I have these brief depressions, lasting a couple days, where I am very tearful and unpleasant (both to myself and others), lose interest in life, get very irritable, feel intense self-reproach, stop eating, feel excessively tired, etc. I also have mysterious REM rebound (vivid dreaming and RBD) during these periods (Klonopin does not seem to prevent this).

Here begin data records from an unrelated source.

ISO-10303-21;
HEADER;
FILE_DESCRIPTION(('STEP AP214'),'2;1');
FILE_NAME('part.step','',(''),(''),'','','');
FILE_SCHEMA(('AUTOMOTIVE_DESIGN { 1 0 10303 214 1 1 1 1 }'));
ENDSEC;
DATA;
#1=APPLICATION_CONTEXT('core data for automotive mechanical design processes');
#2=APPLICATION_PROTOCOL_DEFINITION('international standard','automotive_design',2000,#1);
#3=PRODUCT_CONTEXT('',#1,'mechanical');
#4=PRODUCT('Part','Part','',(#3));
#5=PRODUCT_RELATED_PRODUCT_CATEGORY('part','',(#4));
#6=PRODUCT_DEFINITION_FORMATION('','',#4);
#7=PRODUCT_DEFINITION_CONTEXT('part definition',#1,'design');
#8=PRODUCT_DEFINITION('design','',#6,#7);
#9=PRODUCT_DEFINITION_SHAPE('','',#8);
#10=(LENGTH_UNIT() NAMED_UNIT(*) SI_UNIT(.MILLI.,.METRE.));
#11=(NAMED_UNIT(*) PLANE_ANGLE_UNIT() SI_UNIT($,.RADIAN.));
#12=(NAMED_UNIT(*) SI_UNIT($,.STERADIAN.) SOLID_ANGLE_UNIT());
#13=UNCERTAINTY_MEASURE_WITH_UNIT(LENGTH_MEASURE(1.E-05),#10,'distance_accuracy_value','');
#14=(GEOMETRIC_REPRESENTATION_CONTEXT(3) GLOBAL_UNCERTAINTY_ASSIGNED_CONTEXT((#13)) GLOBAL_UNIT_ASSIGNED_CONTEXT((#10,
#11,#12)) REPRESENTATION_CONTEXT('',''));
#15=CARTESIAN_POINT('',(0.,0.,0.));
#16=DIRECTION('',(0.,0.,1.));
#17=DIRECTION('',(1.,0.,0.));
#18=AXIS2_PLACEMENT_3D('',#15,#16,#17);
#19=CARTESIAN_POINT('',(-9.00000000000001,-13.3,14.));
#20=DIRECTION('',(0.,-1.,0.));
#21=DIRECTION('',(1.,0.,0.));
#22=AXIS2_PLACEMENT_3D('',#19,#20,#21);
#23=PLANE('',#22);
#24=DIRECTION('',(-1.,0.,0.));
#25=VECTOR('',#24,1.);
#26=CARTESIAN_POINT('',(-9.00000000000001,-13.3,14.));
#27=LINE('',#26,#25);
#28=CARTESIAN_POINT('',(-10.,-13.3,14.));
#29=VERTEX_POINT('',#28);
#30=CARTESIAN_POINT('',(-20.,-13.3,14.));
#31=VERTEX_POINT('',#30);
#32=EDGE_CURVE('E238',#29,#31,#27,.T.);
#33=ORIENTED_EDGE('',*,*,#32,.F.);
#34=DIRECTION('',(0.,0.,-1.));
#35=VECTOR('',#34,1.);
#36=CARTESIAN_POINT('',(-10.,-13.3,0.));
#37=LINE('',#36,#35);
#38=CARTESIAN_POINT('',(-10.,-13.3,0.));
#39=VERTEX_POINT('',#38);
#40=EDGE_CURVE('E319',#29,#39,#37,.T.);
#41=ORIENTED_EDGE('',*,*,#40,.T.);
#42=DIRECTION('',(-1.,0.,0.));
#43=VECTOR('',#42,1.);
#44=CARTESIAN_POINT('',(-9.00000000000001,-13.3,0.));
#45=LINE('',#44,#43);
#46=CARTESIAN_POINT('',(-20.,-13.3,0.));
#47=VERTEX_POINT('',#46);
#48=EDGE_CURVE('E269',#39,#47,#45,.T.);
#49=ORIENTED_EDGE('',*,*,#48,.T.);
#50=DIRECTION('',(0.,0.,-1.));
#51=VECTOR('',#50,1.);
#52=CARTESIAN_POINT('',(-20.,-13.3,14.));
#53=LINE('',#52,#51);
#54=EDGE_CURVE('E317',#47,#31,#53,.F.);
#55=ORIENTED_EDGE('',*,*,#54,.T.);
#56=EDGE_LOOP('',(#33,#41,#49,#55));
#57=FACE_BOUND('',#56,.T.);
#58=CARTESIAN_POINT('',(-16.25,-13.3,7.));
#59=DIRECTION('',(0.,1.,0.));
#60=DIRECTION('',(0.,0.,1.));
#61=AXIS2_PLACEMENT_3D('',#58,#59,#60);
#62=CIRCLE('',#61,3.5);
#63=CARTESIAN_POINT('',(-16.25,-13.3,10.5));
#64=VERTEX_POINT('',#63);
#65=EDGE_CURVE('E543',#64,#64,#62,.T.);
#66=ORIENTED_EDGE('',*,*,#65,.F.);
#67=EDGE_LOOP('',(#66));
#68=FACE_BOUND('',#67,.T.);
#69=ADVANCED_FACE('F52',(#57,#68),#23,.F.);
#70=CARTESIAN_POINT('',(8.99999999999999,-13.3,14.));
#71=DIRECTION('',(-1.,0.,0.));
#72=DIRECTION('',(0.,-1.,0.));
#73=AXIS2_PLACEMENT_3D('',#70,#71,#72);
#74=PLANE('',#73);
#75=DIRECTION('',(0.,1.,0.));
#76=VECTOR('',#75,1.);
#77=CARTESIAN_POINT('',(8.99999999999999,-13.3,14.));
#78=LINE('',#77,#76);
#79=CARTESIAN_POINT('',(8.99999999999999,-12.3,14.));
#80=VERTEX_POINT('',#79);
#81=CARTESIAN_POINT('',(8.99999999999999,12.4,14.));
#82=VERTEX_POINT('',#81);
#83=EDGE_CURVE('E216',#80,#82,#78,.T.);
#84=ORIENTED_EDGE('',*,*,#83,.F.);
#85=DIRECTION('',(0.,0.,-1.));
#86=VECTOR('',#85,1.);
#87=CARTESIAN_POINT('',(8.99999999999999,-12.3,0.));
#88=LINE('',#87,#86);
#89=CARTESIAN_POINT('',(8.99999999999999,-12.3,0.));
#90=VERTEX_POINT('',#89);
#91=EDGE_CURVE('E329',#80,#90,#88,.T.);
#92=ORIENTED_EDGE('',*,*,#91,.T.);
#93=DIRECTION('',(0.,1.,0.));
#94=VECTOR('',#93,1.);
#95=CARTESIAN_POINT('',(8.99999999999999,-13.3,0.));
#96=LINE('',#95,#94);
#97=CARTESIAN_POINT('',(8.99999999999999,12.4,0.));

My concentration is still a mess as well.

I am trying to think of things I can add to the Parnate. I have spontaneous hypertensive reactions if I try to go above 20mg. (I have tried most other antidepressants or classes of antidepressants available in this country, Remeron being the main exception. I am uninterested in trying moclobemide because of the consistent reports I have been hearing about its mediocre performance.)

I have already tried:
- Depakote (no effect)
- lithium (no effect)
- Neurontin (excessive sedation even at low doses)
- Lamictal (no effect)
- Zyprexa, Seroquel (excessive sedation, dysphoria)
- Risperdal (agitation)

Other things I have thought of are:
- pindolol (might worsen orthostatic hypotension but provide a measure of protection against hypertensive episodes)
- Wellbutrin (might worsen anorexia, insomnia, anxiety)
- naltrexone
- buprenorphine
- T3
- Topamax (might worsen anorexia)
- clonidine or guanfacine
- ginkgo biloba (if I can get confirmation that this has been used safely before)
- stimulants (worried about hypertension though, as well as increased anxiety)
- bromocriptine, pergolide, amantadine
- TCA - although previously I have tolerated these poorly (especially anticholinergic effects, even with desipramine; wondering how amoxapine is in this regard or whether there are ways to reverse the side effects) (I am aware of the possible risks and the need to stop the MAOI, start the TCA, and then reinstate the MAOI)
- a course of ECT

Part of my problem is the balancing the need to improve my concentration with the need to avoid excessive spaceyness or sedation.

Anyway, if anyone has other suggestions or ideas, or experience with any of these (especially in combo with an MAOI), I'd like to hear about it. Thanks.